» **Extracted records**
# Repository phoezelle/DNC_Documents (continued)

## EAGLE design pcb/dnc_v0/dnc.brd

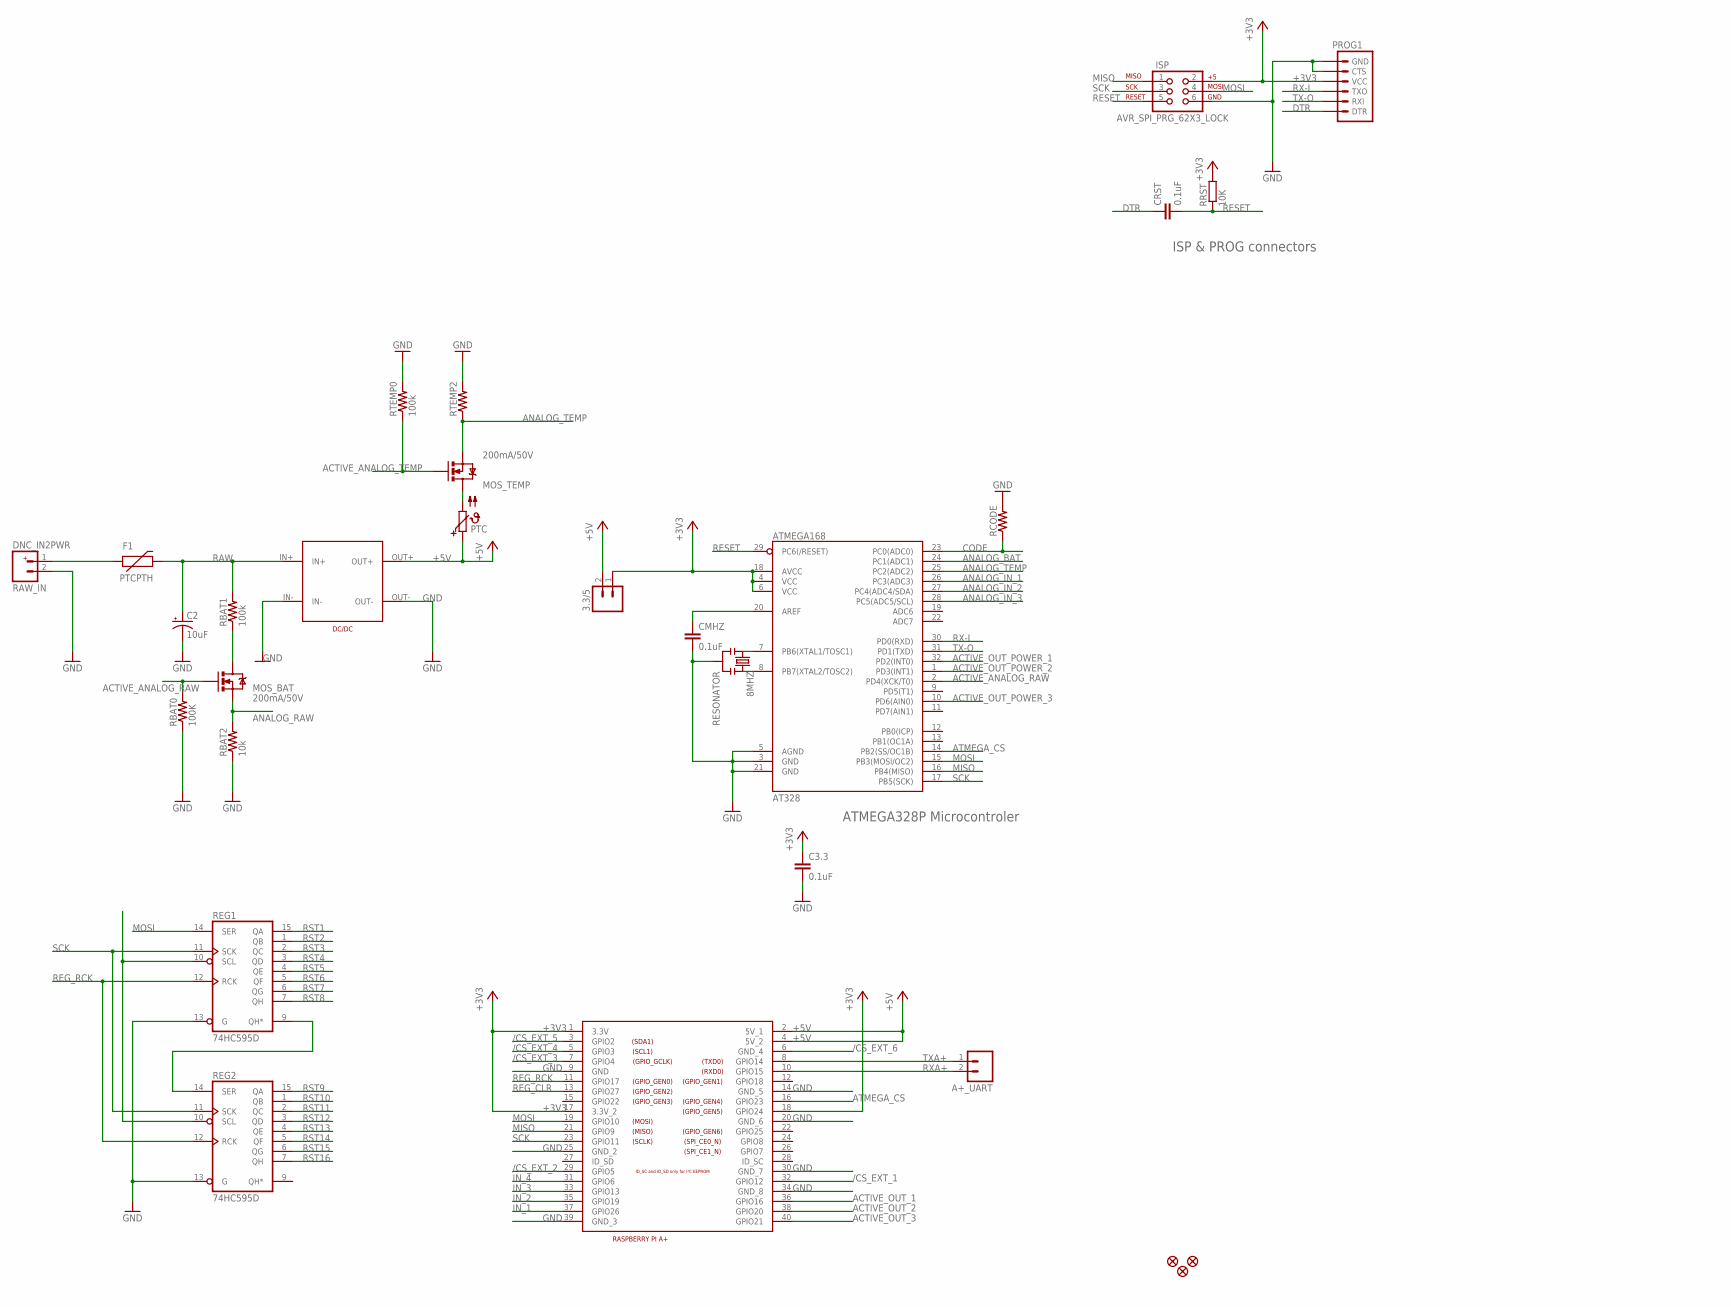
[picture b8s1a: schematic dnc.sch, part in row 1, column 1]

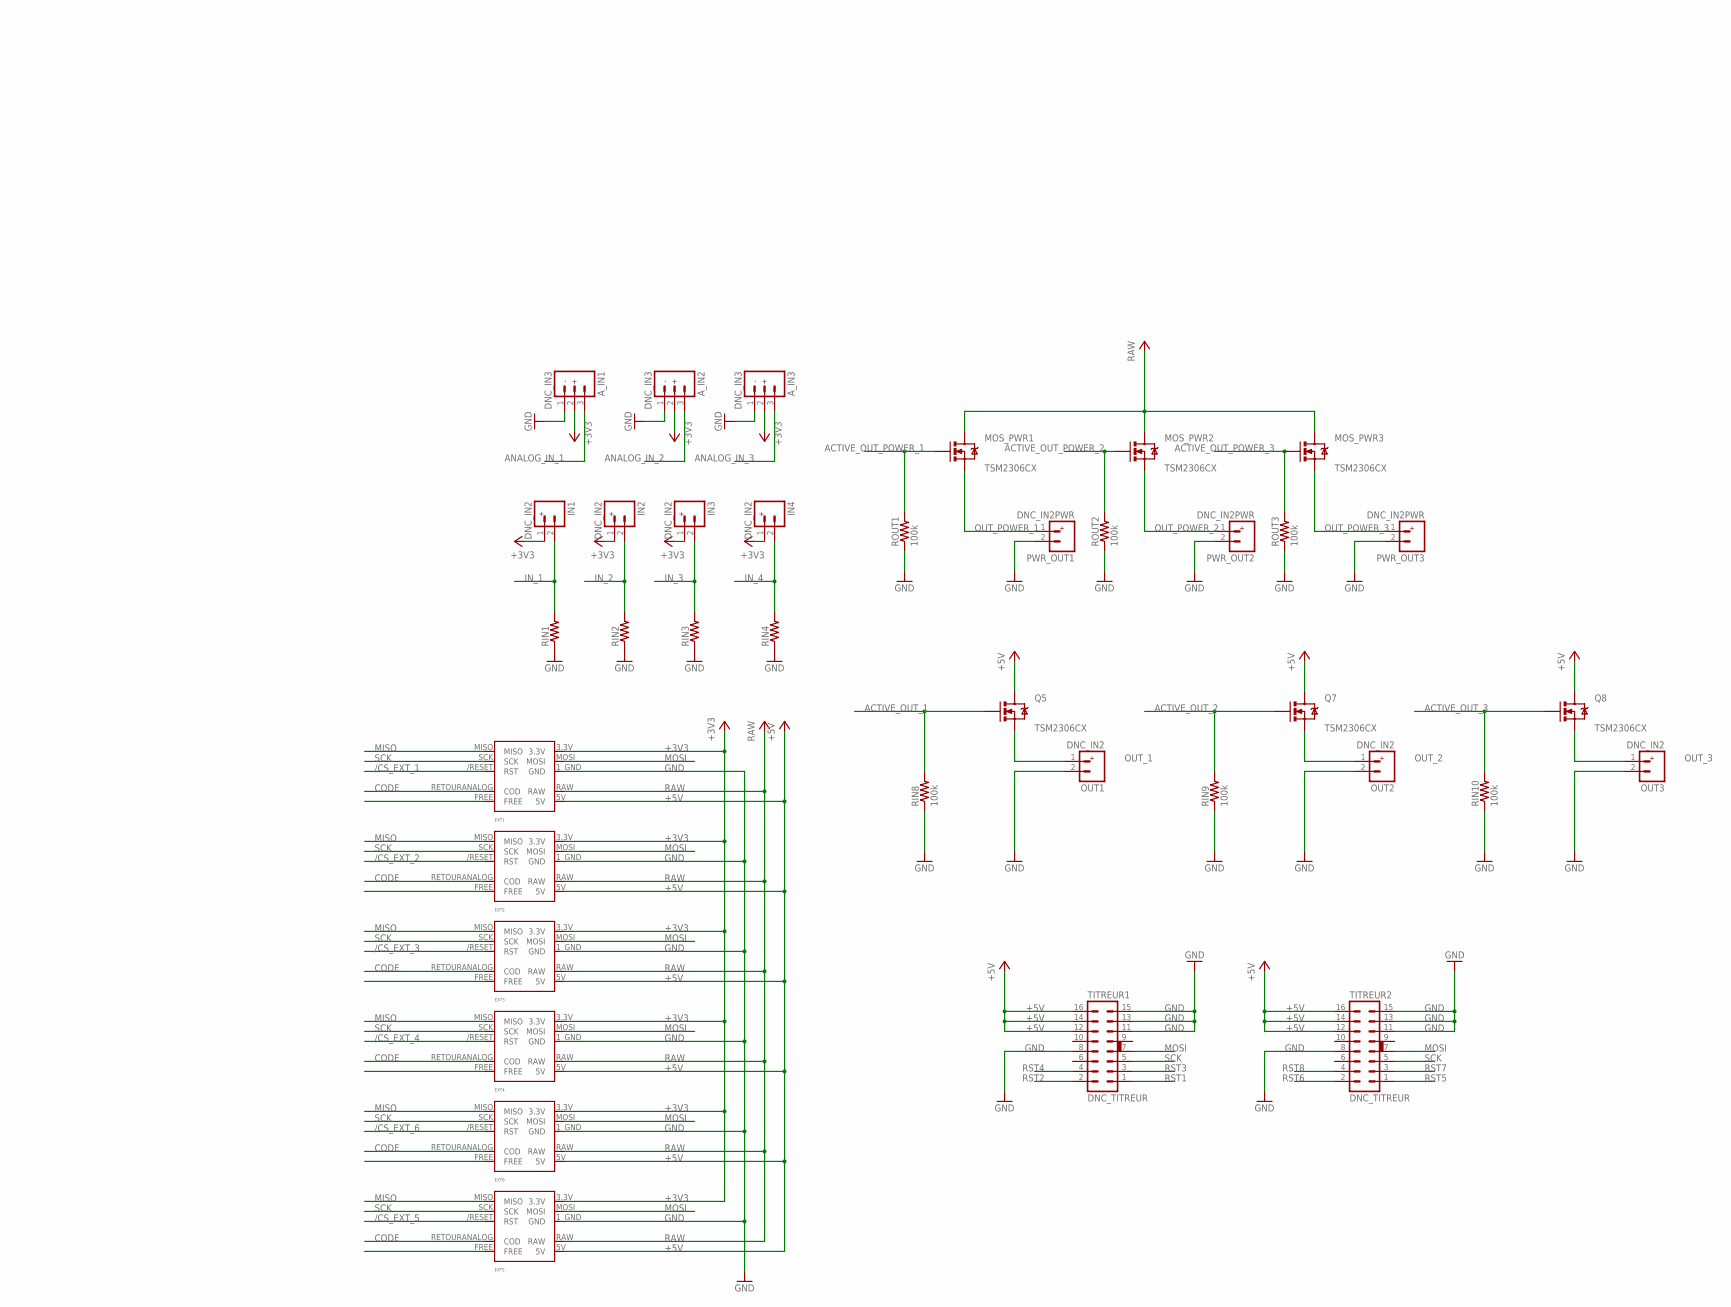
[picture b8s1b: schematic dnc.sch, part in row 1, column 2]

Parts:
3.3/5: M02PTH3; 1X02_LONGPADS
8MHZ: RESONATOR; RESONATOR_7MM
A+_UART: M02LOCK_LONGPADS; 1X02_LOCK_LONGPADS
AT328: ATMEGA168; TQFP32-08
A_IN1, A_IN2, A_IN3: DNC_IN3
C2: 10uF; EIA3216
C3.3: 0.1uF; C0805
CMHZ: 0.1uF; C0805
CRST: 0.1uF; C0805
EXT1, EXT2, EXT3, EXT4, EXT5, EXT6: EXT-DNC; EXTPINDNC
F1: PTCPTH; PTC
IN1, IN2, IN3, IN4: DNC_IN2
ISP: AVR_SPI_PRG_62X3_LOCK; 2X3_LOCK
JP13, JP14, JP19: FIDUCIAL1X2.5; FIDUCIAL-1X2.5
MOS_BAT: 200mA/50V; SOT23-3
MOS_PWR1, MOS_PWR2, MOS_PWR3: TSM2306CX; SOT323
MOS_TEMP: 200mA/50V; SOT23-3
OUT1, OUT2, OUT3: DNC_IN2
PROG1: ARDUINO_SERIAL_PROGRAMLOCK; 1X06_LOCK
PTC: PTC679; P679
PWR_OUT1, PWR_OUT2, PWR_OUT3: DNC_IN2PWR; DNC_IN2_PWR
Q5, Q7, Q8: TSM2306CX; SOT323
RAW_IN: DNC_IN2PWR; DNC_IN2_PWR
RBAT0: 100K; 0603-RES
RBAT1: 100k; 0603-RES
RBAT2: 10k; 0603-RES
RCODE: RESISTOR0603-RES; 0603-RES
REG1, REG2: 74HC595D; SO16
RIN1, RIN2, RIN3, RIN4: RESISTOR0603-RES; 0603-RES
RIN8, RIN9, RIN10: 100k; 0603-RES
ROUT1, ROUT2, ROUT3: 100k; 0603-RES
RRST: 10K; R0603
RTEMP0: 100k; 0603-RES
RTEMP2: RESISTOR0603-RES; 0603-RES
TITREUR1, TITREUR2: DNC_TITREUR
U$4: RASPIA+
U$5: DC/DC_SEED

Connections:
+3V3: 3.3/5.1, AT328.4 (VCC), AT328.6 (VCC), AT328.18 (AVCC), A_IN1.2, A_IN2.2, A_IN3.2, C3.3.1, EXT1.3.3V, EXT2.3.3V, EXT3.3.3V, EXT4.3.3V, EXT5.3.3V, EXT6.3.3V, IN1.1, IN2.1, IN3.1, IN4.1, ISP.2, PROG1.4 (VCC), RRST.2, U$4.1 (3.3V), U$4.17 (3.3V_2), U$4.18 (GPIO24)
+5V: 3.3/5.2, EXT1.5V, EXT2.5V, EXT3.5V, EXT4.5V, EXT5.5V, EXT6.5V, PTC.1, Q5.3 (D), Q7.3 (D), Q8.3 (D), TITREUR1.12, TITREUR1.14, TITREUR1.16, TITREUR2.12, TITREUR2.14, TITREUR2.16, U$4.2 (5V_1), U$4.4 (5V_2), U$5.OUT+
/CS_EXT_1: EXT1./RESET (RST), U$4.32 (GPIO12)
/CS_EXT_2: EXT2./RESET (RST), U$4.29 (GPIO5)
/CS_EXT_3: EXT3./RESET (RST), U$4.7 (GPIO4)
/CS_EXT_4: EXT4./RESET (RST), U$4.5 (GPIO3)
/CS_EXT_5: EXT5./RESET (RST), U$4.3 (GPIO2)
/CS_EXT_6: EXT6./RESET (RST), U$4.6 (GND_4)
ACTIVE_ANALOG_RAW: AT328.2 (PD4(XCK/T0)), MOS_BAT.1 (G), RBAT0.2
ACTIVE_ANALOG_TEMP: MOS_TEMP.1 (G), RTEMP0.1
ACTIVE_OUT_1: Q5.1 (G), RIN8.2, U$4.36 (GPIO16)
ACTIVE_OUT_2: Q7.1 (G), RIN9.2, U$4.38 (GPIO20)
ACTIVE_OUT_3: Q8.1 (G), RIN10.2, U$4.40 (GPIO21)
ACTIVE_OUT_POWER_1: AT328.32 (PD2(INT0)), MOS_PWR1.1 (G), ROUT1.2
ACTIVE_OUT_POWER_2: AT328.1 (PD3(INT1)), MOS_PWR2.1 (G), ROUT2.2
ACTIVE_OUT_POWER_3: AT328.10 (PD6(AIN0)), MOS_PWR3.1 (G), ROUT3.2
ANALOG_BAT: AT328.24 (PC1(ADC1))
ANALOG_IN_1: AT328.26 (PC3(ADC3)), A_IN1.3
ANALOG_IN_2: AT328.27 (PC4(ADC4/SDA)), A_IN2.3
ANALOG_IN_3: AT328.28 (PC5(ADC5/SCL)), A_IN3.3
ANALOG_RAW: MOS_BAT.2 (S), RBAT2.2
ANALOG_TEMP: AT328.25 (PC2(ADC2)), MOS_TEMP.2 (S), RTEMP2.1
AREF: AT328.20 (AREF), CMHZ.1
ATMEGA_CS: AT328.14 (PB2(SS/OC1B)), U$4.16 (GPIO23)
CODE: AT328.23 (PC0(ADC0)), EXT1.RETOURANALOG (COD), EXT2.RETOURANALOG (COD), EXT3.RETOURANALOG (COD), EXT4.RETOURANALOG (COD), EXT5.RETOURANALOG (COD), EXT6.RETOURANALOG (COD), RCODE.1
DTR: CRST.1, PROG1.1 (DTR)
GND: 8MHZ.2, AT328.3 (GND), AT328.5 (AGND), AT328.21 (GND), A_IN1.1, A_IN2.1, A_IN3.1, C2.C (-), C3.3.2, CMHZ.2, EXT1.1_GND (GND), EXT2.1_GND (GND), EXT3.1_GND (GND), EXT4.1_GND (GND), EXT5.1_GND (GND), EXT6.1_GND (GND), ISP.6, OUT1.2, OUT2.2, OUT3.2, PROG1.5 (CTS), PROG1.6 (GND), PWR_OUT1.2, PWR_OUT2.2, PWR_OUT3.2, RAW_IN.2, RBAT0.1, RBAT2.1, RCODE.2, REG1.8 (GND), REG1.13 (G), REG2.8 (GND), REG2.13 (G), RIN1.1, RIN2.1, RIN3.1, RIN4.1, RIN8.1, RIN9.1, RIN10.1, ROUT1.1, ROUT2.1, ROUT3.1, RTEMP0.2, RTEMP2.2, TITREUR1.8, TITREUR1.11, TITREUR1.13, TITREUR1.15, TITREUR2.8, TITREUR2.11, TITREUR2.13, TITREUR2.15, U$4.9 (GND), U$4.14 (GND_5), U$4.20 (GND_6), U$4.25 (GND_2), U$4.30 (GND_7), U$4.34 (GND_8), U$4.39 (GND_3), U$5.IN-, U$5.OUT-
IN_1: IN1.2, RIN1.2, U$4.37 (GPIO26)
IN_2: IN2.2, RIN2.2, U$4.35 (GPIO19)
IN_3: IN3.2, RIN3.2, U$4.33 (GPIO13)
IN_4: IN4.2, RIN4.2, U$4.31 (GPIO6)
MISO: AT328.16 (PB4(MISO)), EXT1.MISO, EXT2.MISO, EXT3.MISO, EXT4.MISO, EXT5.MISO, EXT6.MISO, ISP.1, U$4.21 (GPIO9)
MOSI: AT328.15 (PB3(MOSI/OC2)), EXT1.MOSI, EXT2.MOSI, EXT3.MOSI, EXT4.MOSI, EXT5.MOSI, EXT6.MOSI, ISP.4, REG1.14 (SER), TITREUR1.7, TITREUR2.7, U$4.19 (GPIO10)
unnamed: MOS_BAT.3 (D), RBAT1.1
unnamed: REG1.9 (QH*), REG2.14 (SER)
unnamed: MOS_TEMP.3 (D), PTC.2
unnamed: F1.P$1 (1), RAW_IN.1
unnamed: 8MHZ.1, AT328.7 (PB6(XTAL1/TOSC1))
unnamed: 8MHZ.3, AT328.8 (PB7(XTAL2/TOSC2))
OUT_1: OUT1.1, Q5.2 (S)
OUT_2: OUT2.1, Q7.2 (S)
OUT_3: OUT3.1, Q8.2 (S)
OUT_POWER_1: MOS_PWR1.2 (S), PWR_OUT1.1
OUT_POWER_2: MOS_PWR2.2 (S), PWR_OUT2.1
OUT_POWER_3: MOS_PWR3.2 (S), PWR_OUT3.1
RAW: C2.A (+), EXT1.RAW, EXT2.RAW, EXT3.RAW, EXT4.RAW, EXT5.RAW, EXT6.RAW, F1.P$2 (2), MOS_PWR1.3 (D), MOS_PWR2.3 (D), MOS_PWR3.3 (D), RBAT1.2, U$5.IN+
REG_CLR: REG1.10 (SCL), REG2.10 (SCL), U$4.13 (GPIO27)
REG_RCK: REG1.12 (RCK), REG2.12 (RCK), U$4.11 (GPIO17)
RESET: AT328.29 (PC6(/RESET)), CRST.2, ISP.5, RRST.1
RST1: REG1.15 (QA), TITREUR1.1
RST2: REG1.1 (QB), TITREUR1.2
RST3: REG1.2 (QC), TITREUR1.3
RST4: REG1.3 (QD), TITREUR1.4
RST5: REG1.4 (QE), TITREUR2.1
RST6: REG1.5 (QF), TITREUR2.2
RST7: REG1.6 (QG), TITREUR2.3
RST8: REG1.7 (QH), TITREUR2.4
RST9: REG2.15 (QA)
RST10: REG2.1 (QB)
RST11: REG2.2 (QC)
RST12: REG2.3 (QD)
RST13: REG2.4 (QE)
RST14: REG2.5 (QF)
RST15: REG2.6 (QG)
RST16: REG2.7 (QH)
RX-I: AT328.30 (PD0(RXD)), PROG1.3 (TXO)
RXA+: A+_UART.2, U$4.10 (GPIO15)
SCK: AT328.17 (PB5(SCK)), EXT1.SCK, EXT2.SCK, EXT3.SCK, EXT4.SCK, EXT5.SCK, EXT6.SCK, ISP.3, REG1.11 (SCK), REG2.11 (SCK), TITREUR1.5, TITREUR2.5, U$4.23 (GPIO11)
TX-O: AT328.31 (PD1(TXD)), PROG1.2 (RXI)
TXA+: A+_UART.1, U$4.8 (GPIO14)
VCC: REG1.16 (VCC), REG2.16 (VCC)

» **Activity**
All lines above holding the word "schematic" make up the answer; copy each one.

» **Reply**
[picture b8s1a: schematic dnc.sch, part in row 1, column 1]
[picture b8s1b: schematic dnc.sch, part in row 1, column 2]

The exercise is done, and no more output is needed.